D. Whole-colony PCR verification and Removal of the Kanamycin resistance gene
In order to confirm that our PCR products had been incorporated into the MG1655 genome, one colony from pMP1-1 and pMP1-2 was streaked for isolation on LB/Kan plates and grown at 42°C to remove pKD46 (a temperature-sensitive plasmid). Then, whole-colony PCR was completed with two primers, lacfor and k1, to generate a 700 base pair band and verify the presence of the DNA insert. Both pMP1-1 and pMP1-2 showed positive PCR tests, so overnight cultures with kanamycin in 5 mL LB were set up with a colony from each strain and used to make competent cells. We transformed each strain with pCP20, a temperature sensitive plasmid expressing the FLP recombinase system, to remove the Kmr cassette. We plated transformed cells onto LB plates with ampicillin and incubated them for ~24 hours at 30°C. Five colonies were selected from each strain, streaked for isolation on LB plates, and grown overnight at 42°C to remove pCP20. One colony from each plate was patched onto LB, LB/Kan, and LB/Amp plates and incubated overnight at 37°C.

E. β-galactosidase assays
One colony from each strain that simultaneously lost Kan and Amp resistance (i.e., removal of the antibiotic cassette and loss of pCP20) was used to grow overnight cultures for β-galactosidase assays. We grew six cultures of each strain as well as six overnight cultures of MG1655, the wild type.
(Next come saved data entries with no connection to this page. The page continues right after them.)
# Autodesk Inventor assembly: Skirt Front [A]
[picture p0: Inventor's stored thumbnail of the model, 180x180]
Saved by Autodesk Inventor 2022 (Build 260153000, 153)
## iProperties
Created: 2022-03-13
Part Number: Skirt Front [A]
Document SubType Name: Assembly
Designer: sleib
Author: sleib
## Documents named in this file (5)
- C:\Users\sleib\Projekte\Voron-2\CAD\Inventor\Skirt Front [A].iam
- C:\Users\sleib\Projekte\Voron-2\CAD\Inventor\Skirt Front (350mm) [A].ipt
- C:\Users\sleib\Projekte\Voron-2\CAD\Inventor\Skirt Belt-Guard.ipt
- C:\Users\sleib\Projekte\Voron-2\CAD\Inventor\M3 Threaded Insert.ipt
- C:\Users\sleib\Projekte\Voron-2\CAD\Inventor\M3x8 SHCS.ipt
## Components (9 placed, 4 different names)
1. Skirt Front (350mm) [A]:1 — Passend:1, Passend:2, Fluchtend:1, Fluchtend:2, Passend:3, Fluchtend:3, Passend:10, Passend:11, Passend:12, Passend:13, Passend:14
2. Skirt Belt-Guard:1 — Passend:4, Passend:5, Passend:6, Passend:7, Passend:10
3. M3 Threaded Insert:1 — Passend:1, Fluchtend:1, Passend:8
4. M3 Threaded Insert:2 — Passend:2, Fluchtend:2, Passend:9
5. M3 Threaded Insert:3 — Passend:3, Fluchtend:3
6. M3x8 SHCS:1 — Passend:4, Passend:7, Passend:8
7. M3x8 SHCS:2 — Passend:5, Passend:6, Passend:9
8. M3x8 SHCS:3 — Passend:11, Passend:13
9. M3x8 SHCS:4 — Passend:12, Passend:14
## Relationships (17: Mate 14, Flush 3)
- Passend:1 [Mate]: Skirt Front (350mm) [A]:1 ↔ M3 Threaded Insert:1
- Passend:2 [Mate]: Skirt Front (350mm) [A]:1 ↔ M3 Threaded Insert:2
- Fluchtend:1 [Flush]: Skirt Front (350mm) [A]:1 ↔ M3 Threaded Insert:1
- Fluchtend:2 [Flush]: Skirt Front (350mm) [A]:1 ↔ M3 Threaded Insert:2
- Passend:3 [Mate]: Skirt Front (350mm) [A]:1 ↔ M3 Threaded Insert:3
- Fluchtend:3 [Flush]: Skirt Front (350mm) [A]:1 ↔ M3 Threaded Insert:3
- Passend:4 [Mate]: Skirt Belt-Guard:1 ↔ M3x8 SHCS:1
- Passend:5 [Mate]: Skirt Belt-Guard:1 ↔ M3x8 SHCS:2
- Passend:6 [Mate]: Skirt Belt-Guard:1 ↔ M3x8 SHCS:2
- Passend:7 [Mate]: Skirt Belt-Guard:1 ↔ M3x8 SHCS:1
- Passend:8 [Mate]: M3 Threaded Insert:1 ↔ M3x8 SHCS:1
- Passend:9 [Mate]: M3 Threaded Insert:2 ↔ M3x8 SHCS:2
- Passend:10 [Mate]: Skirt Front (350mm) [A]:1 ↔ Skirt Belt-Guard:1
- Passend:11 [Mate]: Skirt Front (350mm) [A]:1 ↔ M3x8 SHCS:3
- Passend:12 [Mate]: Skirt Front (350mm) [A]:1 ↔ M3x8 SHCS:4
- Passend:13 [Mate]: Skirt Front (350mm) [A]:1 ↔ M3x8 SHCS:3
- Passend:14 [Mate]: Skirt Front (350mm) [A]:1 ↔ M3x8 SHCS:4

IPTG, a gratuitous inducer of the native β-galactosidase promoter, was added to half of the cultures before incubation. Cultures were assayed for β-galactosidase activity, which indirectly shows the activity of each promoter by measuring how much β-galactosidase was expressed.

III. Results

Our results are summarized in Fig. 1. Expression of β-galactosidase with the promoter from pMP1- 2 (red) was independent of IPTG, but expression for the pMP1-1 promoter (blue) was almost identical to wild type. Wild type (green) responded as expected, increasing β- galactosidase more than 60-fold with addition of IPTG.

IV. Discussion

First, the independence of pMP1-2 from IPTG is evidence that we successfully swapped the native β-galactosidase promoter with our synthetic promoter. This trend was confirmed in three consecutive β-galactosidase assays. However, the low expression level of pMP1-2 contradicts our hypothesis that a standard synthetic promoter would have high basal expression levels. Regarding pMP1-1, it behaved almost identically to the wild type with IPTG addition, which suggests that the native promoter was in fact not switched. It is unclear how mPM1-1 had a positive PCR test if the native promoter was not switched.

V. Conclusion

Though we were only able to make one of the eight proposed plasmids, our work paved the way for other researchers in Dr. McCleary’s lab to continue the project. We found it is difficult to predict promoter strength based only on the nucleotide sequence, so future projects will likely include mutagenesis of pMP1-2 to select for varying levels of expression. Depending on the outcome, this project could lead to a publication and a patent on the plasmids. Further, future experiments using our template plasmids could lead to important discoveries in bacterial physiology and biotechnology.